Car j’étais moi aussi enfermé, je ne pouvais pas sortir, même pas dans la petite cour, derrière, avec les autres enfants. Tout ça m’a fait plonger dans un monde intérieur et j’ai commencé à avoir une obsession pour la pâte à modeler, à faire des petits dessins, à assembler des objets. Un bout de brosse pour se laver les dents, je le cassais et je faisais une petite sculpture ou bien je prenais une petite boule de terre.
Quelle différence d’âge il y avait entre toi et ton frère ?
Huit ans. Il est né en 55, et moi en 63.
Quand tu as commencé à créer, est-ce qu’autour de toi, les gens ont fait attention à ton travail ? Est-ce que tu aimais montrer tes œuvres à tes parents, à des amis ou tu gardais tout pour toi ?
Ce que je faisais était très basique, très simple. Je le faisais pour moi, c’était personnel. Je vais te faire une autre confession. Mon frère avait des crises très récurrentes qui me laissaient comme en état de choc. Paralysé. C’était comme une force invisible qui ne me laissait pas tranquille. C’était violent... Cela me conduisaient à me faire du mal. J’avais peur de ce qui se passait à l’intérieur de moi, à l’intérieur de mon organisme. Qu’y avait-il ? Que se passait-il ? Une terreur inexplicable. J’étais effrayé par ces sensations. Des fois, je prenais un petit bout de fil de fer et je l’introduisais dans mon corps par le nombril ou par le conduit de mon pénis. J’avais peur, peur. Qu’y avait-il dans mon corps ? Je me rappelle que j’avais une sorte de lunettes. C’étaient comme des loupes en forme de disques. J’essayais de les mettre et voir si je pouvais regarder à l’intérieur de mon corps. Je faisais plein de choses comme ça, des choses bizarres… Bon, je ne me suis pas opéré non plus ! Peut-être parce que je n’en avais pas la possibilité, je n’avais pas de bloc opératoire !
Pour t’opérer de quoi ?
J’essayais de m’explorer. Si j’avais quelque chose sur la peau par exemple, j’essayais de fouiller, de gratter. Je ressentais une telle terreur, une telle peur.
Et avec ton père ?
J’ai développé un complexe avec mon père. Quand il jouait avec moi, il me lançait une balle en plastique et il me frappait au visage. Il se moquait de moi. J’ai fini par développer un complexe. Je ne regardais plus les gens en face, je parlais de biais. Je ne voulais pas qu’on me regarde de peur qu’on me dise : « Tu as un nez bizarre ». J’ai souffert de ça. J’en ris maintenant, mais c’était dur.

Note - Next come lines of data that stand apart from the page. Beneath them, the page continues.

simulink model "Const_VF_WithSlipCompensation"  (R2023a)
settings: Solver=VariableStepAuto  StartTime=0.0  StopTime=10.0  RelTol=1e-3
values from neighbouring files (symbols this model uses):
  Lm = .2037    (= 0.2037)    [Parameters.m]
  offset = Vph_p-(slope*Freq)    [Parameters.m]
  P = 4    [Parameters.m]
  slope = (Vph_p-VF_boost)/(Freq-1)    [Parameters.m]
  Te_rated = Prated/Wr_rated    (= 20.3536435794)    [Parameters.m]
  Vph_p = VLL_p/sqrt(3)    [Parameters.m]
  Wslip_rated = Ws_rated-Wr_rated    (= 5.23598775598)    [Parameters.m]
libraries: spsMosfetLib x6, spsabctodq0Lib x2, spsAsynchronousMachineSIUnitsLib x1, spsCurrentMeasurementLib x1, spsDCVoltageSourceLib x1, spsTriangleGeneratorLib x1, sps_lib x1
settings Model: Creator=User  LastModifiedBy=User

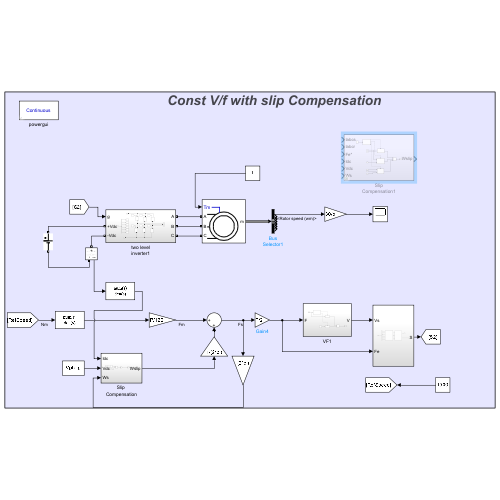
[thumbnail: Simulink's stored preview of the top-level diagram]
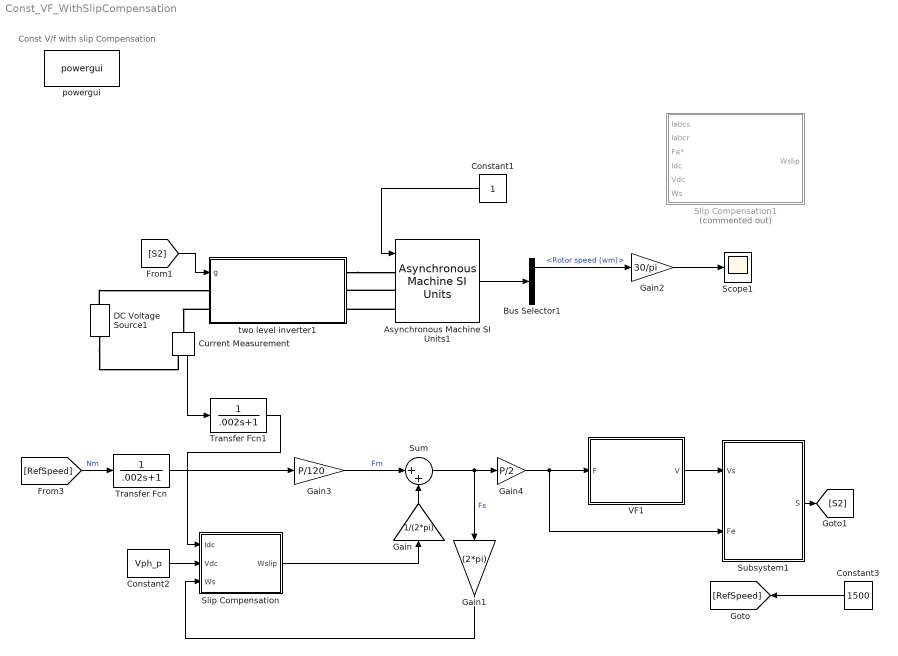
== system Const_VF_WithSlipCompensation ==
  note: Const V/f with slip Compensation
  Asynchronous Machine SI Units1 : spsAsynchronousMachineSIUnitsLib/Asynchronous Machine SI Units  RotorType=Squirrel-cage  PresetModel="01:  5 HP   460 V 60Hz 1750 RPM"  MechanicalLoad=Torque Tm  ShowDetailedParameters=on  ReferenceFrame=Stationary  Units=SI  MeasurementBus=off  NominalParameters=[3730 460 60]  VoltageRatio=1  Stator=[1.115 0.005974]  Rotor=[1.083 0.005974]  Cage1=[0.4155 0.002066]  Cage2=[0.4168 0.0003495]  Lm=0.2037  Mechanical=[0.02 0.005752 2]  PolePairs=2  InitialConditions=[1 0 0 0 0 0 0 0]  SimulateSaturation=off  Saturation=[14.03593122, 27.81365428, 53.79336849, 72.68890987, 97.98006896, 148.6815601, 215.7428561, 302.9841135, 428.7778367 ; 230, 322, 414, 460, 506, 552, 598, 644, 690]  LoadFlowParameters=1492000  TsPowergui=0  TsBlock=-1  IterativeModel=Trapezoidal non iterative  IterativeDiscreteModel=Trapezoidal non iterative  Pmec=1.492e+006
  Bus Selector1 : BusSelector  OutputSignals=Mechanical.Rotor speed (wm),Stator measurements.Stator current is_a (A),Stator measurements.Stator current is_b (A),Stator measurements.Stator current is_c (A),Rotor measurements.Rotor current ir_a (A),Rotor measurements.Rotor current ir_b (A),Rotor measurements.Rotor current ir_c (A)
  Constant1 : Constant
  Constant2 : Constant  Value=Vph_p
  Constant3 : Constant  Value=1500
  Current Measurement : spsCurrentMeasurementLib/Current Measurement  PhasorSimulation=off  OutputType=Complex  PSBequivalent=0
  DC Voltage Source1 : spsDCVoltageSourceLib/DC Voltage Source  Amplitude=Vph_p  Measurements=None
  Gain : Gain  Gain=1/(2*pi)
  Gain1 : Gain  Gain=(2*pi)
  Gain2 : Gain  Gain=30/pi
  Gain3 : Gain  Gain=P/120
  Gain4 : Gain  Gain=P/2
  Scope1 : Scope
  Slip Compensation1 : Subsystem  Commented=on
  Slip Compensation : Subsystem
  Subsystem1 : Subsystem
  Sum : Sum  Inputs=|++
  Transfer Fcn : TransferFcn  Denominator=[.002 1]
  Transfer Fcn1 : TransferFcn  Denominator=[.002 1]
  VF1 : Subsystem
  powergui : sps_lib/powergui  Priority=1  SimulationMode=Continuous  SampleTime=50e-6  frequency=60  Iterations=50  frequencyindice=60  Pbase=100e6  ErrMax=1e-4  UnitsV=kV  UnitsW=MW  buscounter=0  FunctionMessages=off  echomessages=off  EnableUseOfTLC=off  CurrentSourceSwitches=off  DisableSnubberDevices=off  DisableRonSwitches=off  DisableVfSwitches=off  DisplayEquations=off  AutomaticDiscreteSolvers=off  SolverType=Tustin/Backward Euler (TBE)  Interpol=off  ExternalGateDelay=off  methode=off  Ts=100  x0status=blocks  SPID=on  SwTol=0  HookPort=off  NonlinearTolerance=1e-4  nMaxIteration=100  ContinueOnMaxIteration=off  RestoreLinks=warning  ResistiveCurrentMeasurement=off  Frange=[0:2:500]  Ylog=off  Xlog=on  ShowGrid=off  save=off  variable=ZData  structure=0  ZoomFFT=off  StartTime=0.0  cycles=1  DisplayStyle=1  fundamental=60  FreqAxis=off  MaxFrequency=1000  frequencyindicesteady=1  RmsSteady=1  display=off
  two level inverter1 : Subsystem
  wires:
  Subsystem1/1(S) -> [S2]
  Gain3/1 -> Sum/1  "Fm"
  Gain2/1 -> Scope1/1
  Constant1/1 -> Asynchronous Machine SI Units1/1
  Sum/1 -> Gain4/1, Gain1/1  "Fs"
  [RefSpeed] -> Transfer Fcn/1  "Nm"
  [S2] -> two level inverter1/1(g)
  Asynchronous Machine SI Units1/1 -> Bus Selector1/1
  Bus Selector1/1 -> Gain2/1  "<Rotor speed (wm)>"
  VF1/1(V) -> Subsystem1/1(Vs)
  Constant3/1 -> [RefSpeed]
  Gain/1 -> Sum/2
  Gain4/1 -> Subsystem1/2(Fe), VF1/1(F)
  Transfer Fcn/1 -> Gain3/1
  Constant2/1 -> Slip Compensation/2(Vdc)
  Current Measurement/1 -> Transfer Fcn1/1
  Gain1/1 -> Slip Compensation/3(Ws)
  Transfer Fcn1/1 -> Slip Compensation/1(Idc)
  Slip Compensation/1(Wslip) -> Gain/1
  connections:
  DC Voltage Source1/RConn1 -- two level inverter1/LConn1
  two level inverter1/RConn1 -- Asynchronous Machine SI Units1/LConn1
  Asynchronous Machine SI Units1/LConn3 -- two level inverter1/RConn3
  DC Voltage Source1/LConn1 -- Current Measurement/RConn1
  Asynchronous Machine SI Units1/LConn2 -- two level inverter1/RConn2
  two level inverter1/LConn2 -- Current Measurement/LConn1

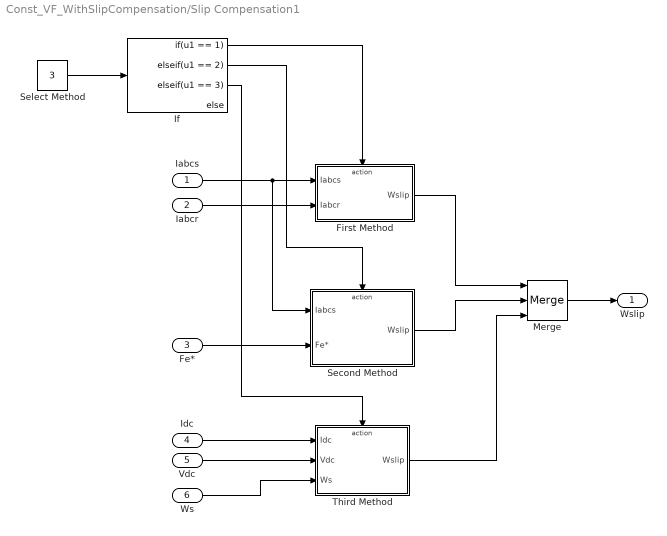
== system Const_VF_WithSlipCompensation/Slip Compensation1 ==
  Iabcs : Inport
  Iabcr : Inport  Port=2
  Fe* : Inport  Port=3
  Idc : Inport  Port=4
  Vdc : Inport  Port=5
  Ws : Inport  Port=6
  First Method : Subsystem  TreatAsAtomicUnit=on
  If : If  IfExpression=u1 == 1  ElseIfExpressions=u1 == 2,u1 == 3
  Merge : Merge  Inputs=3
  Second Method : Subsystem  TreatAsAtomicUnit=on
  Select Method : Constant  Value=3
  Third Method : Subsystem  TreatAsAtomicUnit=on
  Wslip : Outport
  wires:
  Ws/1 -> Third Method/3(Ws)
  Vdc/1 -> Third Method/2(Vdc)
  Idc/1 -> Third Method/1(Idc)
  Third Method/1(Wslip) -> Merge/3
  If/3 -> Third Method/Action
  Fe*/1 -> Second Method/2(Fe*)
  If/2 -> Second Method/Action
  Second Method/1(Wslip) -> Merge/2
  Merge/1 -> Wslip/1
  First Method/1(Wslip) -> Merge/1
  Iabcr/1 -> First Method/2(Iabcr)
  Iabcs/1 -> First Method/1(Iabcs), Second Method/1(Iabcs)
  If/1 -> First Method/Action
  Select Method/1 -> If/1

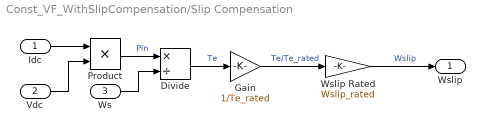
== system Const_VF_WithSlipCompensation/Slip Compensation ==
  Idc : Inport
  Vdc : Inport  Port=2
  Ws : Inport  Port=3
  Divide : Product  Inputs=*/
  Gain : Gain  Gain=1/Te_rated
  Product : Product
  Wslip Rated : Gain  Gain=Wslip_rated
  Wslip : Outport
  wires:
  Vdc/1 -> Product/2
  Product/1 -> Divide/1  "Pin"
  Ws/1 -> Divide/2
  Divide/1 -> Gain/1  "Te"
  Gain/1 -> Wslip Rated/1  "Te/Te_rated"
  Wslip Rated/1 -> Wslip/1  "Wslip"
  Idc/1 -> Product/1

== system Const_VF_WithSlipCompensation/Subsystem1 ==
  Vs : Inport
  Fe : Inport  Port=2
  Mux2 : Mux  Inputs=6
  SPWM2 : Subsystem
  Subsystem4 : Subsystem
  S : Outport
  wires:
  Subsystem4/3(Vc*) -> SPWM2/3(Vc*)
  SPWM2/3(S3) -> Mux2/3
  SPWM2/2(S2) -> Mux2/2
  SPWM2/1(S1) -> Mux2/1
  SPWM2/4(S4) -> Mux2/4
  SPWM2/6(S6) -> Mux2/6
  Subsystem4/1(Va*) -> SPWM2/1(Va*)
  Subsystem4/2(Vb*) -> SPWM2/2(Vb*)
  SPWM2/5(S5) -> Mux2/5
  Vs/1 -> Subsystem4/1(V_amp)
  Fe/1 -> Subsystem4/2(Frequency)
  Mux2/1 -> S/1

== system Const_VF_WithSlipCompensation/VF1 ==
  F : Inport
  Const Power : Subsystem  TreatAsAtomicUnit=on
  Const Torque : Subsystem  TreatAsAtomicUnit=on
  Constant : Constant  Value=Vph_p
  If : If  IfExpression=u1 <= 50
  Merge : Merge
  V : Outport
  wires:
  Const Power/1(Out1) -> Merge/2
  Constant/1 -> Const Power/1(In1)
  Merge/1 -> V/1
  If/1 -> Const Torque/Action
  Const Torque/1(Out1) -> Merge/1
  If/2 -> Const Power/Action
  F/1 -> If/1, Const Torque/1(F)

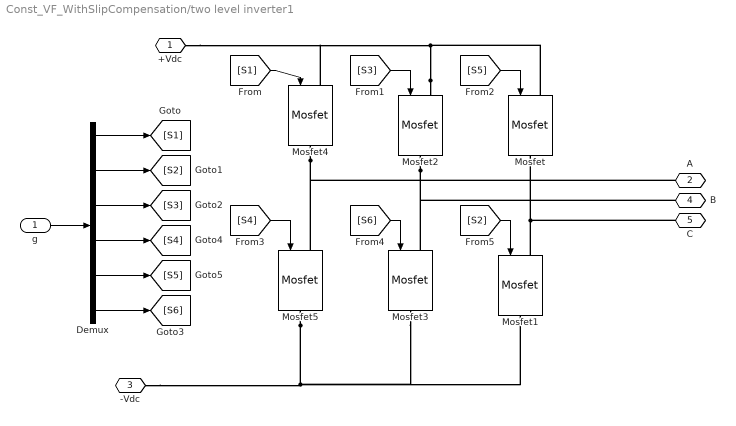
== system Const_VF_WithSlipCompensation/two level inverter1 ==
  g : Inport
  Demux : Demux  Outputs=6
  Mosfet{,1..5} (6 alike) : spsMosfetLib/Mosfet  Ron=0.1  Lon=0  Rd=0.01  Vfd=0  IC=0  Rs=1e5  Cs=inf  Measurements=off
  +Vdc : PMIOPort  Side=Left
  A : PMIOPort  Port=2  Side=Right
  -Vdc : PMIOPort  Port=3  Side=Left
  B : PMIOPort  Port=4  Side=Right
  C : PMIOPort  Port=5  Side=Right
  wires:
  [S2] -> Mosfet1/1
  [S6] -> Mosfet3/1
  [S4] -> Mosfet5/1
  [S5] -> Mosfet/1
  [S3] -> Mosfet2/1
  [S1] -> Mosfet4/1
  Demux/6 -> [S6]
  Demux/5 -> [S5]
  Demux/4 -> [S4]
  Demux/3 -> [S3]
  Demux/2 -> [S2]
  Demux/1 -> [S1]
  g/1 -> Demux/1
  connections:
  Mosfet4/RConn1 -- Mosfet5/LConn1 -- A/RConn1
  Mosfet2/RConn1 -- B/RConn1 -- Mosfet3/LConn1
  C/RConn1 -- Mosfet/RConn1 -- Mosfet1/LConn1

Durant cet entretien, Pablo, le psychiatre de Cadi, se tient à ses côtés. J’en profite pour lui poser quelques questions.
Bonjour Pablo. D’après toi, comment va Cadi ? Quel est son rapport avec la schizophrénie aujourd’hui ?
Il ne souffre plus exactement de schizophrénie.
Il lutte encore avec lui-même ?
Oui. C’est très difficile, vraiment.
Cadi nous disait que son frère avait des épisodes de schizophrénie. Comment qualifierais-tu son état ?
J’ai connu le frère de Cadi, personnellement. Je pense qu’il souffrait vraiment de schizophrénie. Pour Cadi, je pense que non. Je ne pense pas qu’il soit encore schizophrène. Je pense plutôt à un trouble de la personnalité, à cause de la situation familiale qui était très difficile, de ce qu’il a vécu enfant avec des parents malades. Sa mère et son père étaient aussi affectés. Je lui ai dit que c’était un miracle qu’il ne soit pas dans un hôpital psychiatrique aujourd’hui.
Et tu penses que l’art l’a
Oui. Quand je l’ai connu, il faisait de l’art, il sculptait le bois, la pierre. Je pense que ce projet d’art brut l’a amené à un autre niveau, ça lui a sauvé la vie –économiquement aussi –, en termes de reconnaissance, de but dans la vie, et cela lui a permis de quitter Cuba. Je vois qu’il y a des changements dans son travail : il y a plus de couleurs maintenant. Avant, il n’y en avait très peu. En venant au Mexique, il a changé de contexte, de nourriture aussi, c’est meilleur ici. Je pense que tout cela a eu un effet positif sur son œuvre, même s’il ne s’en rend pas compte. Il a sorti son œuvre de son contexte d’avant, il utilise plus de couleurs et de thèmes plus sensuels aujourd’hui. Il vit aussi avec une petite amie avec qui la relation est très conflictuelle. Cadi a 62 ans et elle en a 33. On pratique ensemble le Tai Chi, la méditation, le Chi Kung, le yoga. Tout cela l’aide aussi.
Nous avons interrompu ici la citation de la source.